I have my own website hosted on Tripod.com. I recently bought the domain name: www.ultrabrightleds.co.uk and 30mb of web space. As my new website is not complete yet I want users to be redirected to my old site at tripod. I have used the following code:

<html>
<head>
<META HTTP-EQUIV="REFRESH" CONTENT="0;
URL= http://ultrabrightblueleds.tripod.com">
</head>
</html>

Which seems to be correct. This is saved under the name "index.htm". But it isn't working it just brings up the code.

Help anyone?


----------



## Jason (Dec 30, 2001)

What is your tripod site? Can I take a look at the index.htm page there?


----------



## mcornbill (Mar 18, 2002)

Yeah Danrak

My tripod site is at http://ultrabrightblueleds.tripod.com/index.html

Mark


----------



## Jason (Dec 30, 2001)

I don't see the meta tags in there anywhere. I tried index.htm and it said the page doesn't exist.


----------



## DaTruMasta (Aug 28, 2002)

Hey mcornbill,

All you really need to do now is Find out the DNS Information for your old host.........Go to your Domain Name Registrant (Which could be the same as your new hosting company), and tell them to point that IP Address and the domain name (The new one) to the old (Tripod) Server.........And give them the DNS INFO


Basically you are saying when people type in your new Domain name, Your Tripod Website will open up instead!

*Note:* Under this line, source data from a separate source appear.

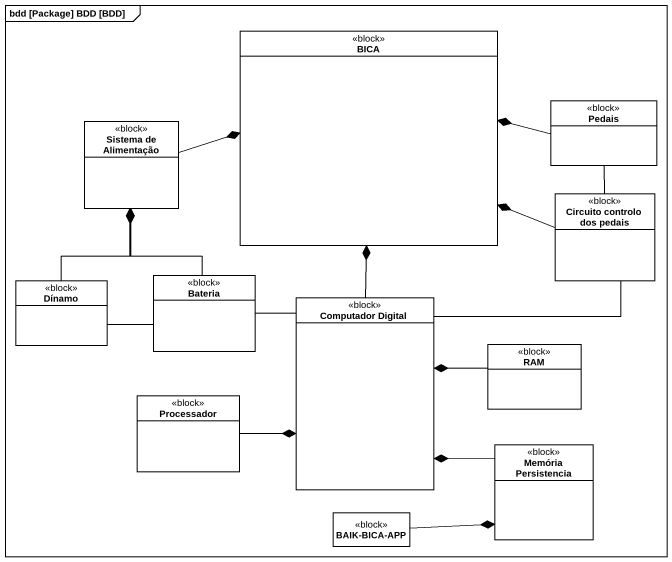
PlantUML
@startuml
mainframe bdd [Package] BDD [BDD]
hide circle
hide empty members
class BICA <<block>>
class Pedais <<block>>
class "Sistema de Alimentação" as Sistema_de_Alimentação <<block>>
class "Circuito controlo dos pedais" as Circuito_controlo_dos_pedais <<block>>
class Dínamo <<block>>
class Bateria <<block>>
class "Computador Digital" as Computador_Digital <<block>>
class RAM <<block>>
class Processador <<block>>
class "Memória Persistencia" as Memória_Persistencia <<block>>
class "BAIK-BICA-APP" as BAIK_BICA_APP <<block>>
Pedais -left-* BICA
Pedais -- Circuito_controlo_dos_pedais
Sistema_de_Alimentação -right-* BICA
Circuito_controlo_dos_pedais -left-* BICA
Circuito_controlo_dos_pedais -- Computador_Digital
Dínamo -up-* Sistema_de_Alimentação
Dínamo -right- Bateria
Bateria -up-* Sistema_de_Alimentação
Bateria -right- Computador_Digital
Computador_Digital -up-* BICA
RAM -left-* Computador_Digital
Processador -right-* Computador_Digital
Memória_Persistencia -left-* Computador_Digital
BAIK_BICA_APP -right-* Memória_Persistencia
@enduml
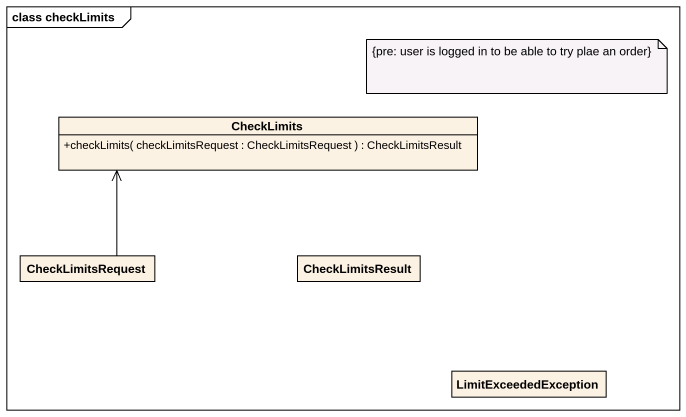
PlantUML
@startuml
mainframe class checkLimits
hide circle
hide empty members
skinparam classAttributeIconSize 0
class CheckLimits {
  +checkLimits( checkLimitsRequest : CheckLimitsRequest ) : CheckLimitsResult
}
class CheckLimitsRequest
class CheckLimitsResult
class LimitExceededException
CheckLimitsRequest -up-> CheckLimits
note as N1
  {pre: user is logged in to be able to try plae an order}
end note
@enduml
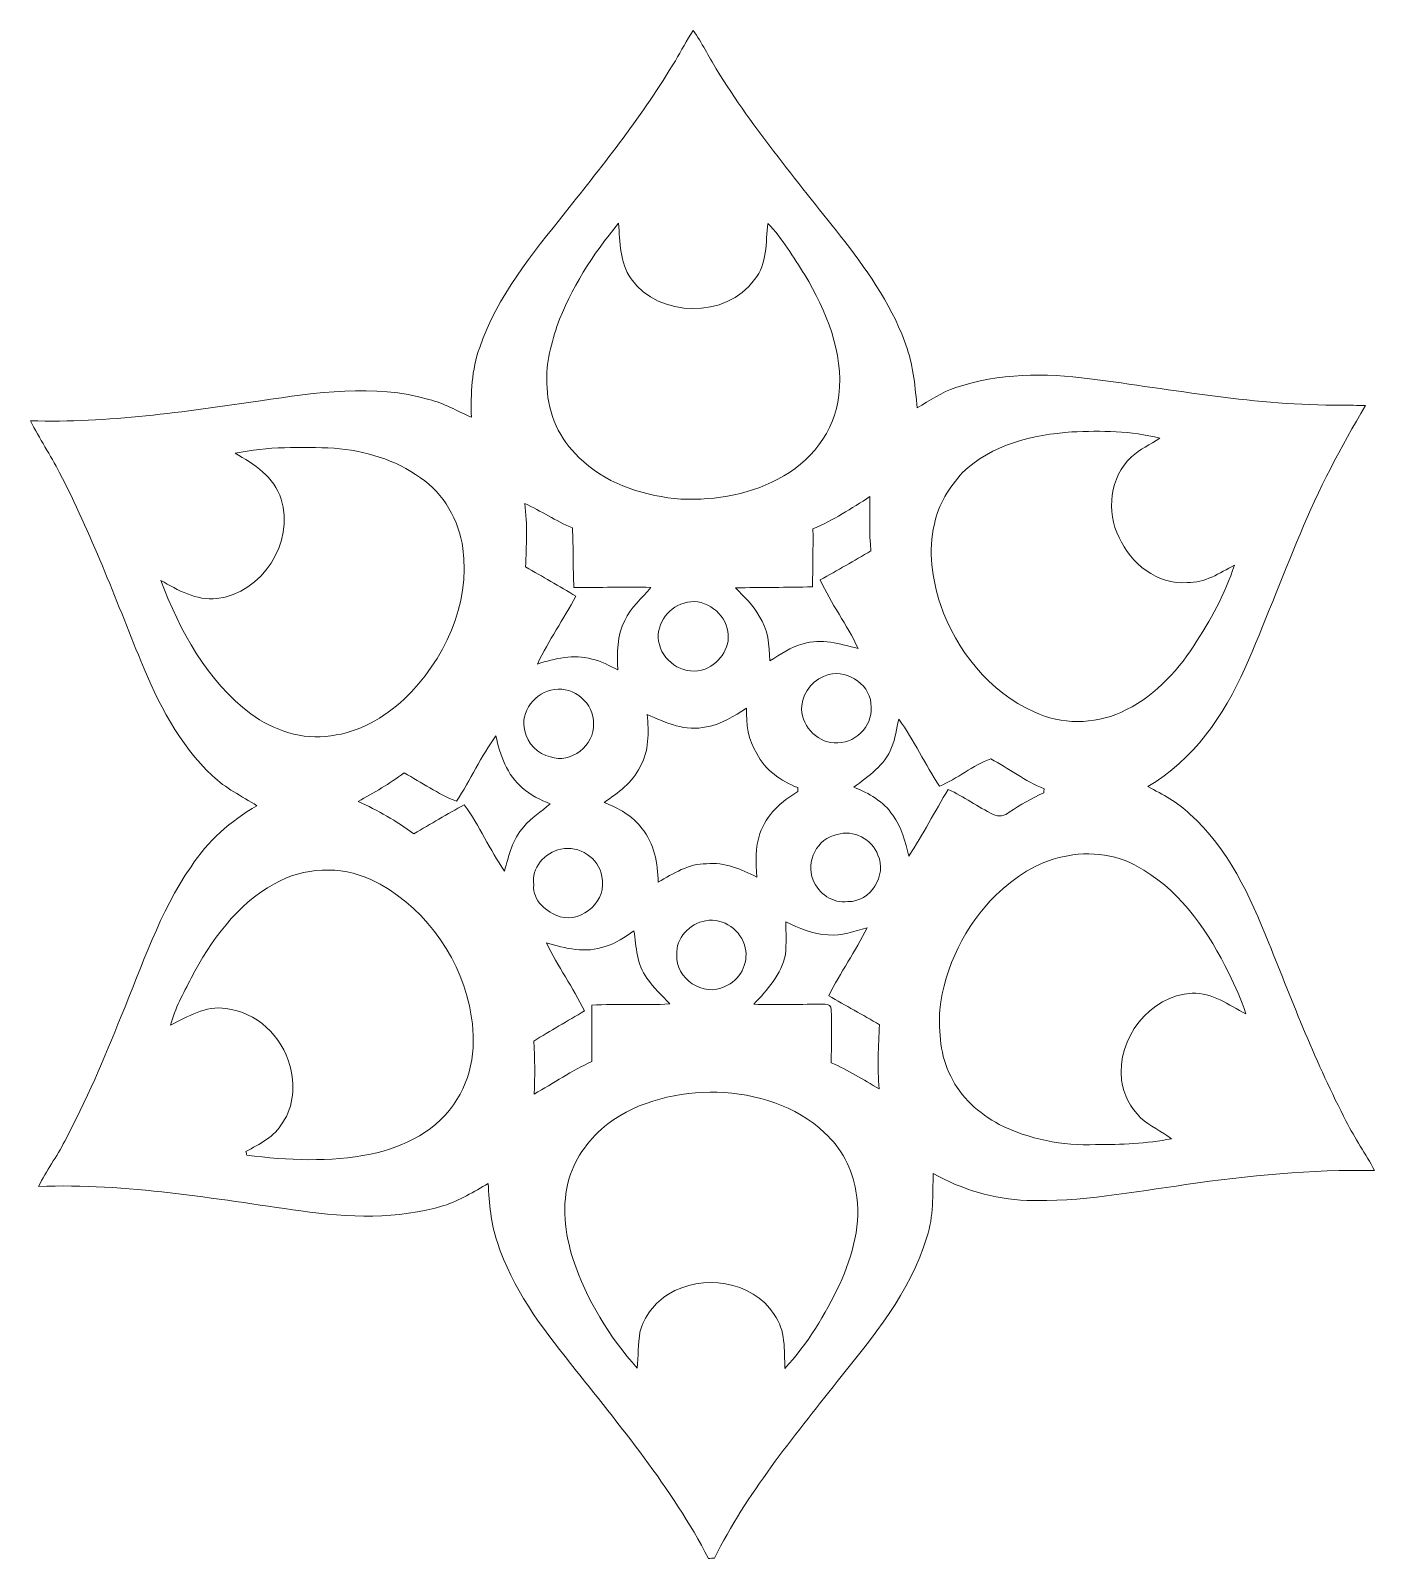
# Model space of a CAD drawing. Header units: centimetres. Extents: x -14.3 to 14.3, y -16.2 to 16.2.
import ezdxf

# ---------------------------------------------------------------- set-up
doc = ezdxf.new("R2010")
doc.units = ezdxf.units.CM
doc.header["$MEASUREMENT"] = 0
doc.layers.add('Layer 1', color=7, linetype='Continuous')

msp = doc.modelspace()

# ---------------------------------------------------------------- linework, layer by layer
at = {"layer": 'Layer 1', "color": 251, "lineweight": 9}
for points, knots in [([(-0.57591, 15.56967), (-0.4475, 15.78134), (-0.33849, 16.005), (-0.19632, 16.20855), (-0.19632, 16.20855), (-0.01464, 15.94891), (0.12824, 15.66492), (0.29193, 15.39399), (0.29193, 15.39399), (1.09026, 14.09542), (2.07875, 12.93125), (3.01643, 11.73392), (3.01643, 11.73392), (3.55159, 11.03966), (4.06347, 10.30305), (4.34076, 9.4638), (4.34076, 9.4638), (4.48151, 9.05845), (4.51009, 8.62771), (4.55419, 8.20473), (4.55419, 8.20473), (4.82089, 8.35854), (5.07877, 8.53634), (5.37369, 8.63406), (5.37369, 8.63406), (6.28597, 8.93957), (7.26987, 8.9498), (8.21531, 8.82033), (8.21531, 8.82033), (9.99155, 8.59561), (11.76144, 8.24601), (13.55919, 8.26153), (13.55919, 8.26153), (13.72782, 8.25941), (13.89539, 8.25694), (14.06543, 8.25165), (14.06543, 8.25165), (13.54473, 7.37394), (13.06495, 6.46942), (12.68148, 5.52256), (12.68148, 5.52256), (12.27508, 4.57959), (11.9216, 3.61474), (11.50814, 2.67494), (11.50814, 2.67494), (11.06435, 1.67623), (10.41136, 0.73078), (9.45074, 0.16916), (9.45074, 0.16916), (9.76401, 0.00089), (10.08186, -0.16739), (10.34186, -0.41469), (10.34186, -0.41469), (11.15219, -1.14423), (11.61786, -2.15564), (12.01473, -3.15118), (12.01473, -3.15118), (12.52802, -4.42753), (13.01979, -5.71588), (13.65973, -6.93614), (13.65973, -6.93614), (13.83824, -7.29526), (14.07284, -7.62264), (14.25628, -7.97895), (14.25628, -7.97895), (12.91678, -7.95496), (11.58081, -8.07984), (10.25754, -8.2781), (10.25754, -8.2781), (9.13642, -8.42874), (8.01529, -8.65134), (6.87899, -8.61218), (6.87899, -8.61218), (6.1819, -8.58819), (5.50245, -8.38288), (4.89673, -8.04104), (4.89673, -8.04104), (4.87839, -8.49118), (4.90661, -8.95473), (4.76233, -9.389), (4.76233, -9.389), (4.41166, -10.56093), (3.60945, -11.51554), (2.85803, -12.45358), (2.85803, -12.45358), (1.91788, -13.64844), (0.93751, -14.83589), (0.25136, -16.20114), (0.25136, -16.20114), (0.21008, -16.20326), (0.16845, -16.20573), (0.12718, -16.20855), (0.12718, -16.20855), (-0.65422, -14.70254), (-1.75595, -13.40008), (-2.7977, -12.07188), (-2.7977, -12.07188), (-3.42882, -11.29365), (-4.0416, -10.46709), (-4.35275, -9.50259), (-4.35275, -9.50259), (-4.49068, -9.10078), (-4.52561, -8.67463), (-4.54642, -8.25341), (-4.54642, -8.25341), (-4.85263, -8.42521), (-5.15144, -8.61853), (-5.4894, -8.72331), (-5.4894, -8.72331), (-6.47118, -9.01541), (-7.51716, -8.98154), (-8.52117, -8.83373), (-8.52117, -8.83373), (-10.36655, -8.57761), (-12.21652, -8.24318), (-14.08765, -8.3162), (-14.08765, -8.3162), (-13.92149, -7.98424), (-13.69889, -7.68367), (-13.52991, -7.35277), (-13.52991, -7.35277), (-13.07659, -6.49587), (-12.68959, -5.60581), (-12.33505, -4.70446), (-12.33505, -4.70446), (-11.87926, -3.62955), (-11.52542, -2.49713), (-10.85056, -1.53123), (-10.85056, -1.53123), (-10.50166, -0.98936), (-10.00883, -0.55968), (-9.45427, -0.23759), (-9.45427, -0.23759), (-9.77459, -0.03333), (-10.12419, 0.13106), (-10.39936, 0.39952), (-10.39936, 0.39952), (-11.10632, 1.06345), (-11.554, 1.94822), (-11.91877, 2.8344), (-11.91877, 2.8344), (-12.46099, 4.17848), (-12.97534, 5.53738), (-13.63892, 6.82819), (-13.63892, 6.82819), (-13.83436, 7.20108), (-14.06966, 7.55174), (-14.25628, 7.92921), (-14.25628, 7.92921), (-12.61904, 7.883), (-10.99344, 8.11372), (-9.37877, 8.35537), (-9.37877, 8.35537), (-8.20049, 8.524), (-6.97, 8.72508), (-5.80513, 8.37795), (-5.80513, 8.37795), (-5.48411, 8.30915), (-5.20541, 8.12924), (-4.90414, 8.00647), (-4.90414, 8.00647), (-4.91261, 8.50389), (-4.90414, 9.014), (-4.72563, 9.48532), (-4.72563, 9.48532), (-4.35557, 10.57364), (-3.61474, 11.47569), (-2.90318, 12.35834), (-2.90318, 12.35834), (-2.08121, 13.39374), (-1.25536, 14.43267), (-0.57591, 15.56967), (-0.57591, 15.56967), (-0.57591, 15.56967), (-0.57591, 15.56967), (-0.57591, 15.56967)], [0, 0, 0, 0, 0.02222222, 0.02222222, 0.02222222, 0.02222222, 0.04444444, 0.04444444, 0.04444444, 0.04444444, 0.06666667, 0.06666667, 0.06666667, 0.06666667, 0.08888889, 0.08888889, 0.08888889, 0.08888889, 0.11111111, 0.11111111, 0.11111111, 0.11111111, 0.13333333, 0.13333333, 0.13333333, 0.13333333, 0.15555556, 0.15555556, 0.15555556, 0.15555556, 0.17777778, 0.17777778, 0.17777778, 0.17777778, 0.2, 0.2, 0.2, 0.2, 0.22222222, 0.22222222, 0.22222222, 0.22222222, 0.24444444, 0.24444444, 0.24444444, 0.24444444, 0.26666667, 0.26666667, 0.26666667, 0.26666667, 0.28888889, 0.28888889, 0.28888889, 0.28888889, 0.31111111, 0.31111111, 0.31111111, 0.31111111, 0.33333333, 0.33333333, 0.33333333, 0.33333333, 0.35555556, 0.35555556, 0.35555556, 0.35555556, 0.37777778, 0.37777778, 0.37777778, 0.37777778, 0.4, 0.4, 0.4, 0.4, 0.42222222, 0.42222222, 0.42222222, 0.42222222, 0.44444444, 0.44444444, 0.44444444, 0.44444444, 0.46666667, 0.46666667, 0.46666667, 0.46666667, 0.48888889, 0.48888889, 0.48888889, 0.48888889, 0.51111111, 0.51111111, 0.51111111, 0.51111111, 0.53333333, 0.53333333, 0.53333333, 0.53333333, 0.55555556, 0.55555556, 0.55555556, 0.55555556, 0.57777778, 0.57777778, 0.57777778, 0.57777778, 0.6, 0.6, 0.6, 0.6, 0.62222222, 0.62222222, 0.62222222, 0.62222222, 0.64444444, 0.64444444, 0.64444444, 0.64444444, 0.66666667, 0.66666667, 0.66666667, 0.66666667, 0.68888889, 0.68888889, 0.68888889, 0.68888889, 0.71111111, 0.71111111, 0.71111111, 0.71111111, 0.73333333, 0.73333333, 0.73333333, 0.73333333, 0.75555556, 0.75555556, 0.75555556, 0.75555556, 0.77777778, 0.77777778, 0.77777778, 0.77777778, 0.8, 0.8, 0.8, 0.8, 0.82222222, 0.82222222, 0.82222222, 0.82222222, 0.84444444, 0.84444444, 0.84444444, 0.84444444, 0.86666667, 0.86666667, 0.86666667, 0.86666667, 0.88888889, 0.88888889, 0.88888889, 0.88888889, 0.91111111, 0.91111111, 0.91111111, 0.91111111, 0.93333333, 0.93333333, 0.93333333, 0.93333333, 0.95555556, 0.95555556, 0.95555556, 0.95555556, 1, 1, 1, 1]), ([(-3.08874, 9.93299), (-3.22386, 9.51319), (-3.3431, 9.07433), (-3.29547, 8.62842), (-3.29547, 8.62842), (-3.27748, 8.07174), (-3.02771, 7.53375), (-2.62343, 7.1524), (-2.62343, 7.1524), (-2.08897, 6.61653), (-1.33509, 6.36994), (-0.60025, 6.2768), (-0.60025, 6.2768), (0.14976, 6.22459), (0.93151, 6.33289), (1.60073, 6.69202), (1.60073, 6.69202), (2.28053, 7.0321), (2.81041, 7.70344), (2.89578, 8.46967), (2.89578, 8.46967), (2.9935, 9.3816), (2.62802, 10.26037), (2.168, 11.0266), (2.168, 11.0266), (1.92846, 11.40407), (1.69916, 11.79601), (1.38413, 12.11669), (1.38413, 12.11669), (1.34144, 11.71628), (1.37672, 11.2552), (1.10614, 10.92324), (1.10614, 10.92324), (0.50183, 10.09386), (-0.92057, 10.10691), (-1.51536, 10.94229), (-1.51536, 10.94229), (-1.75771, 11.28342), (-1.75136, 11.72052), (-1.781, 12.11915), (-1.781, 12.11915), (-2.3278, 11.46652), (-2.79135, 10.7338), (-3.08874, 9.93299), (-3.08874, 9.93299), (-3.08874, 9.93299), (-3.08874, 9.93299), (-3.08874, 9.93299)], [0, 0, 0, 0, 0.07692308, 0.07692308, 0.07692308, 0.07692308, 0.15384615, 0.15384615, 0.15384615, 0.15384615, 0.23076923, 0.23076923, 0.23076923, 0.23076923, 0.30769231, 0.30769231, 0.30769231, 0.30769231, 0.38461538, 0.38461538, 0.38461538, 0.38461538, 0.46153846, 0.46153846, 0.46153846, 0.46153846, 0.53846154, 0.53846154, 0.53846154, 0.53846154, 0.61538462, 0.61538462, 0.61538462, 0.61538462, 0.69230769, 0.69230769, 0.69230769, 0.69230769, 0.76923077, 0.76923077, 0.76923077, 0.76923077, 0.84615385, 0.84615385, 0.84615385, 0.84615385, 1, 1, 1, 1]), ([(7.83573, 7.69144), (7.00564, 7.6357), (6.13463, 7.42368), (5.51798, 6.83066), (5.51798, 6.83066), (5.23716, 6.52022), (4.99622, 6.15298), (4.92037, 5.73529), (4.92037, 5.73529), (4.77749, 5.1712), (4.87521, 4.57465), (5.04702, 4.02855), (5.04702, 4.02855), (5.39027, 3.057), (6.08066, 2.174), (7.03809, 1.75172), (7.03809, 1.75172), (7.61206, 1.48326), (8.29998, 1.48185), (8.87677, 1.74255), (8.87677, 1.74255), (9.528, 2.03465), (10.04129, 2.56629), (10.42653, 3.15719), (10.42653, 3.15719), (10.77401, 3.69094), (11.08869, 4.2575), (11.28554, 4.86534), (11.28554, 4.86534), (10.96945, 4.69847), (10.65618, 4.48646), (10.28224, 4.49563), (10.28224, 4.49563), (9.65183, 4.44835), (9.08244, 4.89921), (8.83726, 5.45554), (8.83726, 5.45554), (8.55892, 6.00093), (8.64606, 6.73824), (9.10149, 7.16192), (9.10149, 7.16192), (9.27718, 7.32737), (9.5026, 7.42509), (9.70157, 7.55915), (9.70157, 7.55915), (9.09514, 7.71825), (8.45767, 7.72213), (7.83573, 7.69144), (7.83573, 7.69144), (7.83573, 7.69144), (7.83573, 7.69144), (7.83573, 7.69144)], [0, 0, 0, 0, 0.07142857, 0.07142857, 0.07142857, 0.07142857, 0.14285714, 0.14285714, 0.14285714, 0.14285714, 0.21428571, 0.21428571, 0.21428571, 0.21428571, 0.28571429, 0.28571429, 0.28571429, 0.28571429, 0.35714286, 0.35714286, 0.35714286, 0.35714286, 0.42857143, 0.42857143, 0.42857143, 0.42857143, 0.5, 0.5, 0.5, 0.5, 0.57142857, 0.57142857, 0.57142857, 0.57142857, 0.64285714, 0.64285714, 0.64285714, 0.64285714, 0.71428571, 0.71428571, 0.71428571, 0.71428571, 0.78571429, 0.78571429, 0.78571429, 0.78571429, 0.85714286, 0.85714286, 0.85714286, 0.85714286, 1, 1, 1, 1]), ([(-9.91746, 7.23989), (-9.51001, 7.01587), (-9.08949, 6.73647), (-8.93886, 6.26834), (-8.93886, 6.26834), (-8.65311, 5.35252), (-9.33997, 4.26421), (-10.3034, 4.15943), (-10.3034, 4.15943), (-10.7412, 4.10828), (-11.12926, 4.33652), (-11.49297, 4.54325), (-11.49297, 4.54325), (-11.09186, 3.47222), (-10.51119, 2.41177), (-9.58515, 1.70868), (-9.58515, 1.70868), (-9.09867, 1.36261), (-8.4873, 1.14389), (-7.88511, 1.2476), (-7.88511, 1.2476), (-7.29068, 1.31181), (-6.76222, 1.63001), (-6.32724, 2.02407), (-6.32724, 2.02407), (-5.48375, 2.84181), (-4.91613, 4.03067), (-5.08406, 5.22552), (-5.08406, 5.22552), (-5.16837, 5.81502), (-5.48446, 6.38616), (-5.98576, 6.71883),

Or you can do it the way you are doing it now where on page load, you initialize an automatic direct to the old link, But just letting you know when you do that, all visitors will see the "Tripod" Address in the Address Bar.........

Let us know how it goes.

Best Regards,

DaTruMasta


----------



## mcornbill (Mar 18, 2002)

hey Danrak. it is index.html not .htm if that helps. It is the first page of my tripod website.


----------



## mcornbill (Mar 18, 2002)

Have done it guys.

I think the code I used f a website needed a bit more doing to it. Cheers for the help

Mark


----------